A wave of new discoveries of NASA’s Juno Jupiter’s mission
Juno He reached Jupiter System in 2016, but a failed thrust meant that it is now stuck in a wide polar orbit that brings it closer to Jupiter and its moons every 53 days. Even so, the duration of those Flyby, Juno has accumulated a group of high quality data on Jupiter’s atmosphere, even at the planet’s poles, which had not previously studied in detail.
In the north pole of Jupiter there is a lid of stratospheric mist, which Juno has measured to be colder than its surroundings in 52 degrees Fahrenheit (11 degrees Celsius). Around the polar lid there are stream currents that blow more than 100 miles per hour (161 kilometers per hour). Below The Haze, The North Polar Region is Inhabited by One Giant, Central Cyclone About 1,864 thousand (3,000 kilometers) Across, Surrouted by ITS “Groupies” – Eight Smaller Cyclones Between 1,800 and 2,800 and 2,800 and 2,800 and 2,800s, in -kiles in -kiles in -kiles Kilom00 and 2,800 and 2,800 and 2,800 and 2,800 and 2,800 and 2,800 and 2,800 and 2, in size, size, in size, in size, Siagnserders and 2,800 and 2,800 and 2,800 and 2,800 and 2,800 and 2,800 and 2,800 and 2, and 2,800. Any similar phenomenon we have in Land.
Juno has been tracking the movement of this cyclone system with visible and infrared light (in the appearance of heat that comes from deep inside the atmosphere) since 2016, using its mapping aurora infrared Junocam and Jovian (Jyram), respectively. These two instruments have shown that each of the eight cyclones moves towards the pole through a process called “beta drift”. The same process occurs to cyclones on Earth, and is the result of the Coriolis force that interacts with the rotating wind pattern that belongs to each cyclone. However, on earth, cyclones never approach the poles. This is because the more they approach cold and dry posts, the more they run out of warm and humid air that gives them energy. In Jupiter, atmospheric dynamics is different, and this is not a problem. But once in the post, Jupiter’s cyclones begin to run into each other.
“These competing forces result in the cyclones to bounce together in a way that reminds the springs in a mechanical system,” said Yohai Kaspi, Juno co-gauges from the Weizmann Science Institute in Israel in Israel, in A. statement. “This interaction not only stabilizes the entire configuration, but also causes the cyclones to oscillate around their central positions, since they slowly derive west, in the direction of the clock needles, around the post.”

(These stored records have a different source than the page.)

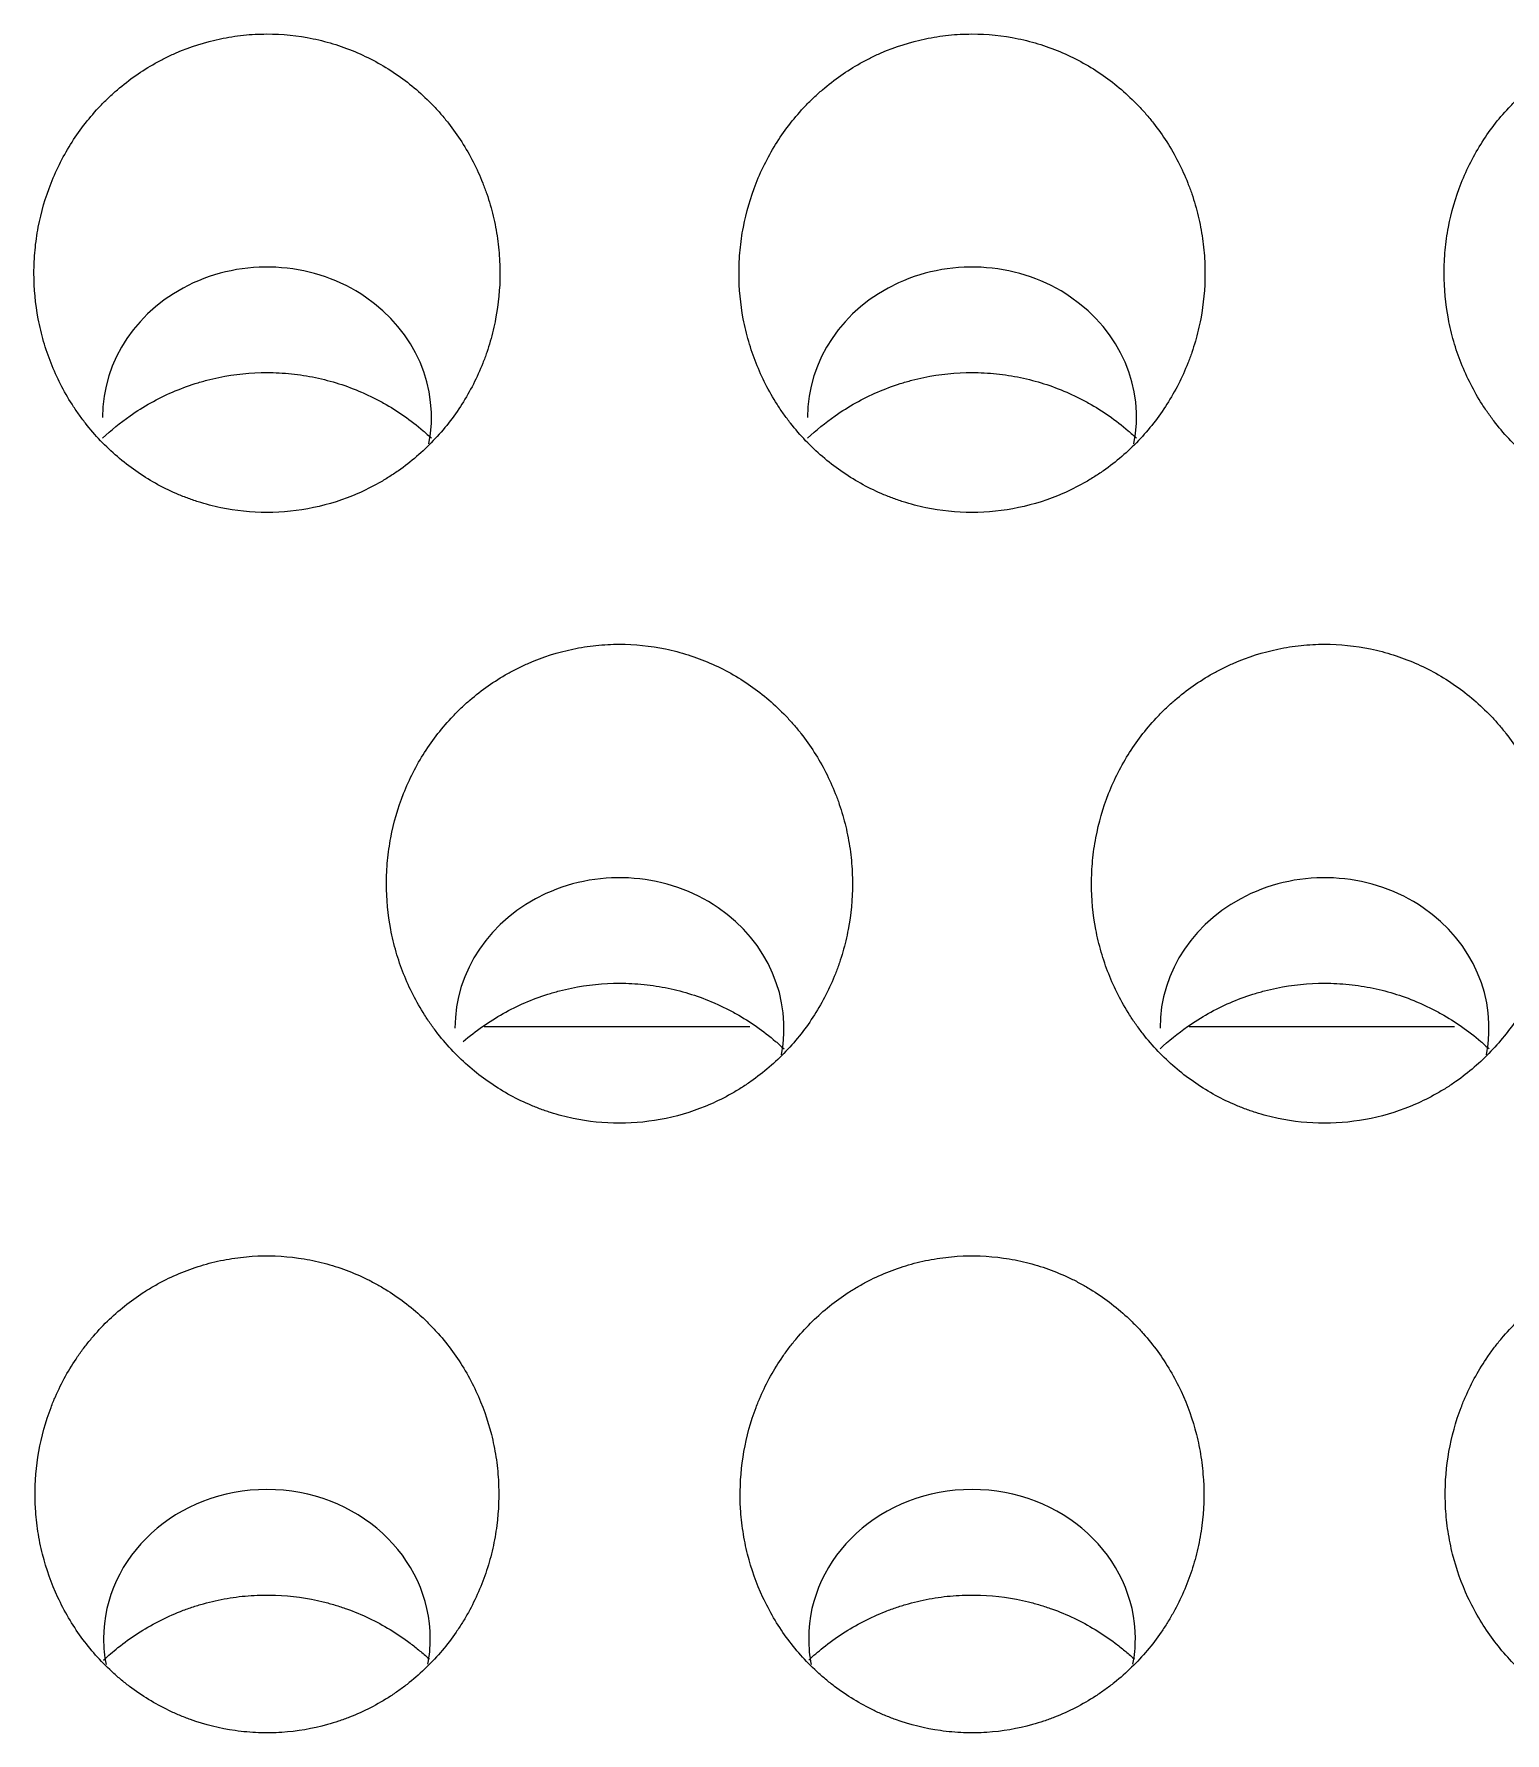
# Model space of a CAD drawing. Header units: inches. Extents: x 3778 to 56227, y -16914 to 35091.
# Drawn here: x 43220.81 to 43227.04, y -12658.68 to -12651.48 of the extents above; entities that cross this region are included whole.
import ezdxf

# ---------------------------------------------------------------- set-up
doc = ezdxf.new("R2010")
doc.units = ezdxf.units.IN
doc.header["$LTSCALE"] = 100
doc.header["$MEASUREMENT"] = 0
doc.layers.add('2-con', color=2, linetype='Continuous')
doc.layers.add('mark-B', color=2, linetype='Continuous', lineweight=20)

# ---------------------------------------------------------------- blocks, each defined once
blk = doc.blocks.new('무풍1WAY 대형')
at = {"layer": 'mark-B'}
for p, q in [((-541.6542, -423.2677), (-542.7789, -423.2677)), ((-538.6671, -423.2677), (-539.7918, -423.2677))]:
    blk.add_line(p, q, dxfattribs=at)
for centre, major_axis, start_param, end_param in [((-540.7337, -420.6736), (-0.6921, 0), 6.112459, 6.283185), ((-540.7337, -420.6736), (-0.6921, 0), 3.141593, 3.316049), ((-537.7461, -420.6736), (-0.6921, 0), 6.112459, 6.283185), ((-537.7461, -420.6736), (-0.6921, 0), 3.141593, 3.316049), ((-540.7337, -420.6736), (-0.6921, 0), 0, 3.141592), ((-537.7461, -420.6736), (-0.6921, 0), 0, 3.141592), ((-542.2275, -423.2609), (0.6971, 0), 2.963309, 6.283185), ((-539.2399, -423.2609), (0.6971, 0), 2.963309, 6.283185), ((-540.7337, -425.8482), (0.6971, 0), 2.963605, 6.283185), ((-537.7461, -425.8482), (0.6971, 0), 2.963605, 6.283185)]:
    blk.add_ellipse(centre, major_axis=major_axis, ratio=0.913545, start_param=start_param, end_param=end_param, dxfattribs=at)
for points, knots in [([(-542.7407, -421.2256), (-542.7426, -421.1929), (-542.746, -421.1604), (-542.7559, -421.0958), (-542.7624, -421.0636), (-542.7863, -420.9689), (-542.8079, -420.9079), (-542.849, -420.8196), (-542.8641, -420.7908), (-542.8974, -420.7342), (-542.9153, -420.7068), (-542.9726, -420.6279), (-543.0157, -420.5792), (-543.0757, -420.5235), (-543.0881, -420.5126), (-543.1133, -420.4915), (-543.1262, -420.4812), (-543.1653, -420.4516), (-543.2192, -420.4149), (-543.2908, -420.3759), (-543.3358, -420.3557), (-543.3663, -420.3429), (-543.3817, -420.3369), (-543.4591, -420.3091), (-543.5224, -420.2934), (-543.6035, -420.2819), (-543.6198, -420.28), (-543.6526, -420.2771), (-543.6692, -420.276), (-543.7187, -420.2742), (-543.7515, -420.2747), (-543.8494, -420.2811), (-543.9138, -420.2921), (-543.9933, -420.3142), (-544.0091, -420.319), (-544.0403, -420.3294), (-544.0557, -420.335), (-544.1014, -420.353), (-544.1608, -420.3798), (-544.2313, -420.4206), (-544.2719, -420.4484), (-544.2986, -420.4676), (-544.3117, -420.4776), (-544.3757, -420.5289), (-544.4221, -420.5743), (-544.4847, -420.6488), (-544.5045, -420.6747), (-544.5323, -420.7152), (-544.5413, -420.729), (-544.5585, -420.7568), (-544.5667, -420.7708), (-544.6061, -420.8419), (-544.6319, -420.9012), (-544.6571, -420.9782), (-544.6618, -420.9938), (-544.6705, -421.0252), (-544.6745, -421.0411), (-544.6853, -421.0889), (-544.6909, -421.1209), (-544.7033, -421.2172), (-544.7056, -421.2817), (-544.6998, -421.3791), (-544.6964, -421.4118), (-544.6865, -421.4761), (-544.68, -421.5078), (-544.6563, -421.6019), (-544.6347, -421.663), (-544.5793, -421.7819), (-544.5463, -421.8379), (-544.4891, -421.9166), (-544.4687, -421.942), (-544.4362, -421.9788), (-544.4249, -421.9908), (-544.4019, -422.0143), (-544.3902, -422.0257), (-544.3303, -422.0812), (-544.2784, -422.1205), (-544.2085, -422.1631), (-544.1943, -422.1713), (-544.1653, -422.187), (-544.1506, -422.1946), (-544.1061, -422.2158), (-544.0458, -422.241), (-543.9677, -422.2647), (-543.9196, -422.2753), (-543.8873, -422.2816), (-543.871, -422.2844), (-543.7892, -422.2959), (-543.7238, -422.2982), (-543.626, -422.2918), (-543.5934, -422.288), (-543.5446, -422.2797), (-543.5283, -422.2765), (-543.4962, -422.2693), (-543.4803, -422.2653), (-543.4015, -422.2434), (-543.3408, -422.2196), (-543.268, -422.1822), (-543.2535, -422.1743), (-543.225, -422.1578), (-543.2109, -422.1492), (-543.1697, -422.1224), (-543.1433, -422.1033), (-543.0672, -422.0424), (-543.0207, -421.997), (-542.9679, -421.9342), (-542.9576, -421.9214), (-542.9378, -421.8954), (-542.9283, -421.8822), (-542.9007, -421.842), (-542.8666, -421.787), (-542.8308, -421.7144), (-542.8123, -421.6692), (-542.8007, -421.6387), (-542.7952, -421.6232), (-542.7699, -421.5457), (-542.7417, -421.4199), (-542.7369, -421.2909), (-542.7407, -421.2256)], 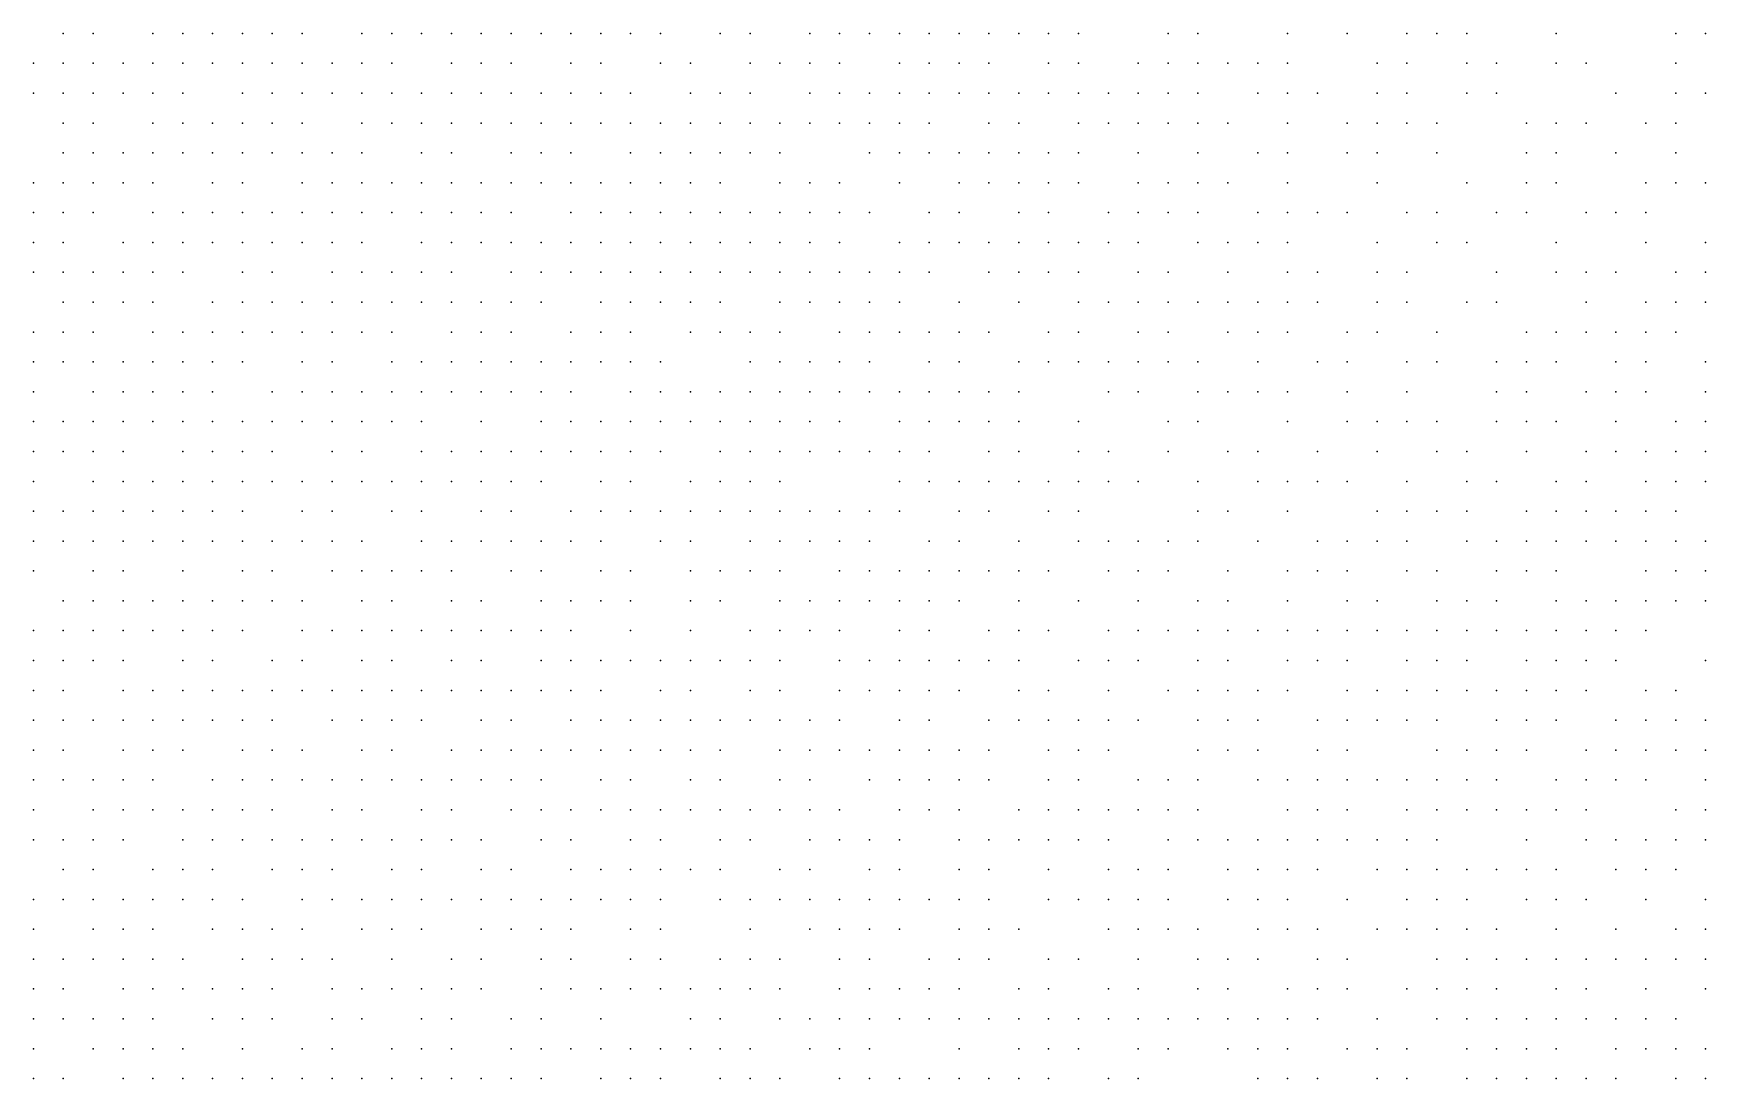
# Model space of a CAD drawing. Extents: x 429 to 793, y 817 to 1241.
# Drawn here: x 528.65 to 569.53, y 949.47 to 975.02 of the extents above; entities that cross this region are included whole.
import ezdxf

# ---------------------------------------------------------------- set-up
doc = ezdxf.new("R2010")
doc.units = 0

msp = doc.modelspace()

# ---------------------------------------------------------------- linework, layer by layer
for p in [(529.38, 975.02, 206.882), (530.11, 975.02, 207.267), (531.57, 975.02, 208.125), (532.3, 975.02, 208.541), (533.03, 975.02, 208.957), (533.76, 975.02, 209.529), (534.49, 975.02, 209.84), (535.22, 975.02, 210.17), (536.68, 975.02, 210.812), (537.41, 975.02, 211.125), (538.14, 975.02, 211.438), (538.87, 975.02, 211.957), (539.6, 975.02, 212.227), (540.33, 975.02, 212.497), (541.06, 975.02, 212.715), (541.79, 975.02, 213.03), (542.52, 975.02, 213.338), (543.25, 975.02, 213.505), (543.98, 975.02, 213.938), (545.44, 975.02, 214.18), (546.17, 975.02, 214.432), (547.63, 975.02, 214.737), (548.36, 975.02, 214.98), (549.09, 975.02, 215.224), (549.82, 975.02, 215.5), (550.55, 975.02, 215.67), (551.28, 975.02, 215.84), (552.01, 975.02, 215.973), (552.74, 975.02, 216.105), (553.47, 975.02, 216.237), (554.2, 975.02, 216.37), (556.39, 975.02, 216.782), (557.12, 975.02, 216.882), (559.31, 975.02, 217.237), (560.77, 975.02, 217.367), (562.23, 975.02, 217.743), (562.96, 975.02, 217.83), (563.69, 975.02, 217.933), (565.88, 975.02, 218.393), (568.8, 975.02, 219.038), (569.53, 975.02, 219.28), (528.65, 974.29, 206.26), (529.38, 974.29, 206.645), (530.11, 974.29, 207.03), (530.84, 974.29, 207.637), (531.57, 974.29, 208.007), (532.3, 974.29, 208.317), (533.03, 974.29, 208.733), (533.76, 974.29, 209.306), (534.49, 974.29, 209.704), (535.22, 974.29, 209.948), (535.95, 974.29, 210.283), (536.68, 974.29, 210.652), (537.41, 974.29, 211.018), (538.87, 974.29, 211.75), (539.6, 974.29, 212.02), (540.33, 974.29, 212.29), (541.79, 974.29, 212.83), (542.52, 974.29, 213.138), (543.98, 974.29, 213.747), (544.71, 974.29, 213.99), (546.17, 974.29, 214.195), (546.9, 974.29, 214.495), (547.63, 974.29, 214.557), (548.36, 974.29, 214.8), (549.82, 974.29, 215.352), (550.55, 974.29, 215.493), (551.28, 974.29, 215.673), (552.01, 974.29, 215.866), (553.47, 974.29, 216.051), (554.2, 974.29, 216.211), (555.66, 974.29, 216.503), (556.39, 974.29, 216.635), (557.12, 974.29, 216.767), (557.85, 974.29, 216.9), (558.58, 974.29, 217.05), (559.31, 974.29, 217.16), (561.5, 974.29, 217.497), (562.23, 974.29, 217.667), (563.69, 974.29, 217.92), (564.42, 974.29, 218.113), (565.88, 974.29, 218.38), (566.61, 974.29, 218.52), (568.8, 974.29, 219.108), (528.65, 973.56, 206.142), (529.38, 973.56, 206.586), (530.11, 973.56, 206.793), (530.84, 973.56, 207.4), (531.57, 973.56, 207.77), (532.3, 973.56, 208.14), (533.76, 973.56, 208.908), (534.49, 973.56, 209.397), (535.22, 973.56, 209.732), (535.95, 973.56, 210.067), (536.68, 973.56, 210.382), (537.41, 973.56, 210.805), (538.14, 973.56, 211.171), (538.87, 973.56, 211.537), (539.6, 973.56, 211.667), (540.33, 973.56, 212.142), (541.06, 973.56, 212.348), (541.79, 973.56, 212.623), (542.52, 973.56, 212.925), (543.25, 973.56, 213.315), (544.71, 973.56, 213.8), (545.44, 973.56, 214.005), (546.17, 973.56, 214.21), (547.63, 973.56, 214.415), (548.36, 973.56, 214.62), (549.09, 973.56, 214.864), (549.82, 973.56, 215.147), (550.55, 973.56, 215.327), (551.28, 973.56, 215.507), (552.01, 973.56, 215.664), (552.74, 973.56, 215.822), (553.47, 973.56, 215.918), (554.2, 973.56, 216.237), (554.93, 973.56, 216.289), (555.66, 973.56, 216.475), (556.39, 973.56, 216.528), (557.12, 973.56, 216.64), (558.58, 973.56, 216.97), (559.31, 973.56, 217.097), (560.04, 973.56, 217.167), (561.5, 973.56, 217.42), (562.23, 973.56, 217.59), (563.69, 973.56, 218.01), (564.42, 973.56, 218.1), (567.34, 973.56, 218.679), (568.8, 973.56, 219.152), (569.53, 973.56, 219.417), (529.38, 972.83, 206.349), (530.11, 972.83, 206.557), (531.57, 972.83, 207.634), (532.3, 972.83, 207.903), (533.03, 972.83, 208.273), (533.76, 972.83, 208.675), (534.49, 972.83, 209.18), (535.22, 972.83, 209.515), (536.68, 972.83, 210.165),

Meanwhile, far from Jupiter’s atmosphere, Juno has been making recurring flyers of the moon jovian more internal, Io – The most volcanic body of the Solar System.
Duration Juno’s Flyby de IO on December 27, 2024, the spacecraft detected what has turned out to be the More energetic volcanic eruption Once recorded in IO. When Juno returned on March 2, the volcano was still throwing, and is expected to be active in the next flyer of Juno, which takes place on May 6 at a distance of 55,300 miles (89,000 kilometers) of the IO surface.
But it is what is under the surface of Io that has excited Juno’s scientific team. When combining the microwave radiometer of the spacecraft (MWR) with Jiram, scientists could measure the underground temperature in IO, revealing the presence of underground magma flows.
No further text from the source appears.